- EXERCISE BRIEF:
Below are records; count the lines that hold the string "settings" and give only the count.

(Extracted records)
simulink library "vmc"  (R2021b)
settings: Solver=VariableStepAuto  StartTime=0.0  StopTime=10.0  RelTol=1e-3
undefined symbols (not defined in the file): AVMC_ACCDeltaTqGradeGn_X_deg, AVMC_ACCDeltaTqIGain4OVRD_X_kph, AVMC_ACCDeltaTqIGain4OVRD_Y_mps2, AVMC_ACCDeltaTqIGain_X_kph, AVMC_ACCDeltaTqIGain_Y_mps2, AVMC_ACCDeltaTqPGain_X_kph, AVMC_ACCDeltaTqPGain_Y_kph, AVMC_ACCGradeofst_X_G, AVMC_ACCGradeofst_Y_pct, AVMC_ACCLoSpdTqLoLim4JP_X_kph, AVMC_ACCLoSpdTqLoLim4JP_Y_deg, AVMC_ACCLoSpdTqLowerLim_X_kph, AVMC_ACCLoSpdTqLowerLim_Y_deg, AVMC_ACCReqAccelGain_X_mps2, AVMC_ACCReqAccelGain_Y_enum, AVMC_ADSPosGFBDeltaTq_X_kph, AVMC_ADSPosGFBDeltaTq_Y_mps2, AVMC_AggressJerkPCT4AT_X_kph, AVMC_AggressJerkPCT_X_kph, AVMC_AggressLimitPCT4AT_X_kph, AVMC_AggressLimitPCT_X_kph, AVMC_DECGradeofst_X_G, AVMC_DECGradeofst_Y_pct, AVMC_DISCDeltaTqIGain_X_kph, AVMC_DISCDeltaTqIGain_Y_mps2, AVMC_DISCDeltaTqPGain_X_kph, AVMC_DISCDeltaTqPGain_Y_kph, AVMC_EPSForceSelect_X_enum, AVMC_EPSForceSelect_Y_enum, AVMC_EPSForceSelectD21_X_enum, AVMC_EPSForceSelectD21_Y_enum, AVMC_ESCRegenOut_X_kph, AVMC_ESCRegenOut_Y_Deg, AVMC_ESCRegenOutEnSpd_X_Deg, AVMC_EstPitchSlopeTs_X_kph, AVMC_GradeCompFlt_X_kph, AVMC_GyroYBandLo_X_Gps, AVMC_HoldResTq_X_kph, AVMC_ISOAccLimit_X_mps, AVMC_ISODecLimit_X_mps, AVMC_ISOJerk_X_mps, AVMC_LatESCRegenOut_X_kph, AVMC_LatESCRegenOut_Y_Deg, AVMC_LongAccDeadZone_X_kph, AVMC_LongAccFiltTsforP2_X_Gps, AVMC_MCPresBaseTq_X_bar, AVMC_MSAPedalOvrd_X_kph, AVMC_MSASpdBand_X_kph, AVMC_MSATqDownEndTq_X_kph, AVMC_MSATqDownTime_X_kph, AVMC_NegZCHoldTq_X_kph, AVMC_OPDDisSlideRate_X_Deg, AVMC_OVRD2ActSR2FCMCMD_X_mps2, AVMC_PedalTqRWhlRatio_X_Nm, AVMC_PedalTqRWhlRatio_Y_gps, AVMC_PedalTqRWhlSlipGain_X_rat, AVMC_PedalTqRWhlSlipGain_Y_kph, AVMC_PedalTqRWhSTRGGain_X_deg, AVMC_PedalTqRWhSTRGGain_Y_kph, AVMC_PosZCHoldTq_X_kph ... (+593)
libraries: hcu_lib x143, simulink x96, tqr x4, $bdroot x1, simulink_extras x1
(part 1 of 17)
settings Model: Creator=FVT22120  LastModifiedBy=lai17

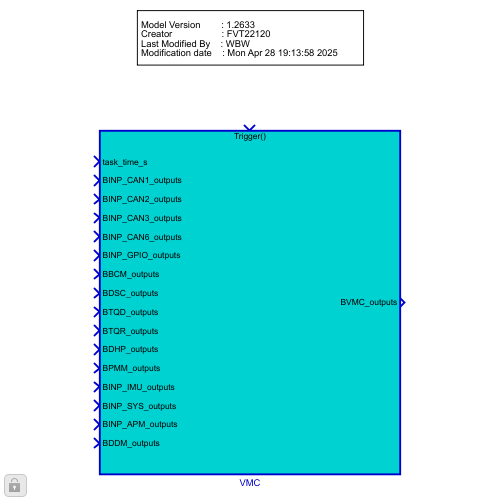
[thumbnail: Simulink's stored preview of the top-level diagram]
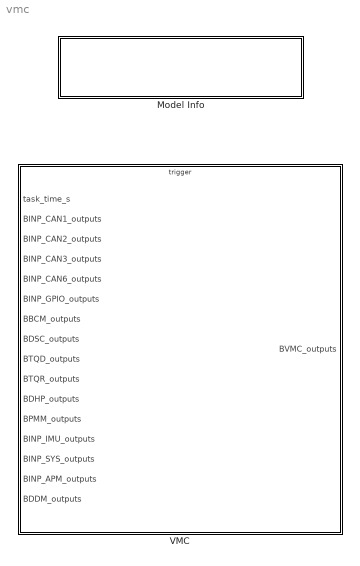
== system vmc ==
  Model Info : Subsystem  LoadFcn=slcm LoadBlock;  InitFcn=slcm('UpdateAllCMBlocksInThisModelInit')  mask(CMBlock){InitialSaveTempField=, InitialBlockCM=None, BlockCM=None, Frame=on, SaveTempField=, DisplayStringWithTags=|, MaskDisplayString=Model Version        : 1.2932\nCreator                   : FVT22120\nLast Modified By    : lai17\nModification date    : Wed Jul 23 21:49:31 2025, HorizontalTextAlignment=Left, LeftAlignmentValue=0.02, SourceBlockDiagram=tqr, TagMaxNumber=20, CMTag1=, CMTag2=, CMTag3=, CMTag4=, CMTag5=, CMTag6=, CMTag7=, CMTag8=, CMTag9=, CMTag10=, CMTag11=, CMTag12=, CMTag13=, CMTag14=, CMTag15=, CMTag16=, CMTag17=, CMTag18=, CMTag19=, CMTag20=}
      mask DisplayStringWithTags=|
      | Model Version        : %<ModelVersion>
      | Creator                   : %<Creator>
      | Last Modified By    : %<LastModifiedBy>
      | Modification date    : %<LastModificationDate>
      mask help: This block allows revision control information to be displayed within the model.
      settings: CopyFcn=slcm CopyBlock;  DeleteFcn=slcm Cancel;  PostSaveFcn=slcm('UpdateAllCMBlocksInThisModel')  NameChangeFcn=slcm Rename;  OpenFcn=slcm
      mask Display: text(str2num(LeftAlignmentValue), 0.5, MaskDisplayString, 'HorizontalAlignment', HorizontalTextAlignment)
  VMC : Subsystem
      settings: RTWSystemCode=Nonreusable function  RTWFcnNameOpts=Use subsystem name  RTWFileNameOpts=Use subsystem name

== system vmc/Model Info ==
  EmptySubsystem : Subsystem

== system vmc/VMC ==
  task_time_s : Inport
  BINP_CAN1_outputs : Inport  Port=2  OutDataTypeStr=Bus: BINP_CAN1_outputs
  BINP_CAN2_outputs : Inport  Port=3  OutDataTypeStr=Bus: BINP_CAN2_outputs
  BINP_CAN3_outputs : Inport  Port=4  OutDataTypeStr=Bus: BINP_CAN3_outputs
  BINP_CAN6_outputs : Inport  Port=5  OutDataTypeStr=Bus: BINP_CAN6_outputs
  BINP_GPIO_outputs : Inport  Port=6  OutDataTypeStr=Bus: BINP_GPIO_outputs
  BBCM_outputs : Inport  Port=7  OutDataTypeStr=Bus: BBCM_outputs
  BDSC_outputs : Inport  Port=8  OutDataTypeStr=Bus: BDSC_outputs
  BTQD_outputs : Inport  Port=9  OutDataTypeStr=Bus: BTQD_outputs
  BTQR_outputs : Inport  Port=10  OutDataTypeStr=Bus: BTQR_outputs
  BDHP_outputs : Inport  Port=11  OutDataTypeStr=Bus: BDHP_outputs
  BPMM_outputs : Inport  Port=12  OutDataTypeStr=Bus: BPMM_outputs
  BINP_IMU_outputs : Inport  Port=13  OutDataTypeStr=Bus: BINP_IMU_outputs
  BINP_SYS_outputs : Inport  Port=14  OutDataTypeStr=Bus: BINP_SYS_outputs
  BINP_APM_outputs : Inport  Port=15  OutDataTypeStr=Bus: BINP_APM_outputs
  BDDM_outputs : Inport  Port=16  OutDataTypeStr=Bus: BDDM_outputs
  Trigger : TriggerPort  TriggerType=function-call  VariantControl=(inherit)  PortDimensions=1
  Bus Creator2 : BusCreator  Inputs=160  OutDataTypeStr=Bus: BVMC_outputs  NonVirtualBus=on
  Bus Selector : BusSelector  OutputSignals=VINP_DriverSeatBeltCmd_flg,VINP_MeterIndVehSpeed_kph,VINP_BrkSwSta_flg,VINP_EPBSta_enum,VINP_ACCAvail_flg,VINP_AEBAvail_flg,VINP_ESCOFFStatus_enum,VINP_VehSpeed_kph,VINP_LFRawWhlSpeed_kph,VINP_LFRawWhlSpeedV_flg,VINP_RFRawWhlSpeed_kph,VINP_RFRawWhlSpeedV_flg,VINP_LRRawWhlSpeed_kph,VINP_LRRawWhlSpeedV_flg,VINP_RRRawWhlSpeed_kph,VINP_RRRawWhlSpeedV_flg,VINP_LatAccel_Gps,VINP_LatAccelV_flg,VINP_GRADE_Deg,VINP_LongAccel_Gps,VINP_MCPressure_bar,VINP_ESCADASSta_enum,VINP_FrRBCActive_flg,VINP_RrRBCActive_flg,VINP_FrntAxlTrqReqBrk_Nm,VINP_RearAxlTrqReqBrk_Nm,VINP_BrkPedalPos_pct,VINP_SASAngle_Deg,VINP_ESCActive_flg,VINP_YawRate_degps,VINP_RDCActive_enum,VINP_LFWhlRotDir_enum,VINP_LRWhlRotDir_enum,VINP_RFWhlRotDir_enum,VINP_RRWhlRotDir_enum,VINP_LongAccelV_flg
  Bus Selector1 : BusSelector  OutputSignals=VINP_DIDGetDynoMode_flg,VINP_VehicleType_enum,VINP_SWCType_enum
  Bus Selector10 : BusSelector  OutputSignals=VDHP_ActAPSPosn_pct
  Bus Selector11 : BusSelector  OutputSignals=VPMM_DrivetrainSelect_enum
  Bus Selector12 : BusSelector  OutputSignals=VINP_APSStaSystem_enum,VINP_APSDecReqA_flg,VINP_APSDecReq_mps2,VINP_APSReq_enum,VINP_APSShiftPosnReq_enum,VINP_APSSpeedCMD_kph,VINP_APSVMCReqA_flg,VINP_CAASVMCReqA_flg,VINP_APSVRqEPASCtrl_flg,VINP_APSRqEPASCtrl_flg,VINP_APSAngleTarget_Deg
  Bus Selector2 : BusSelector  OutputSignals=VBCM_DrDoorSW_flg
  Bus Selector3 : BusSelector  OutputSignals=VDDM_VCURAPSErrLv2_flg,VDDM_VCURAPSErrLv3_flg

- YOUR RESPONSE:
4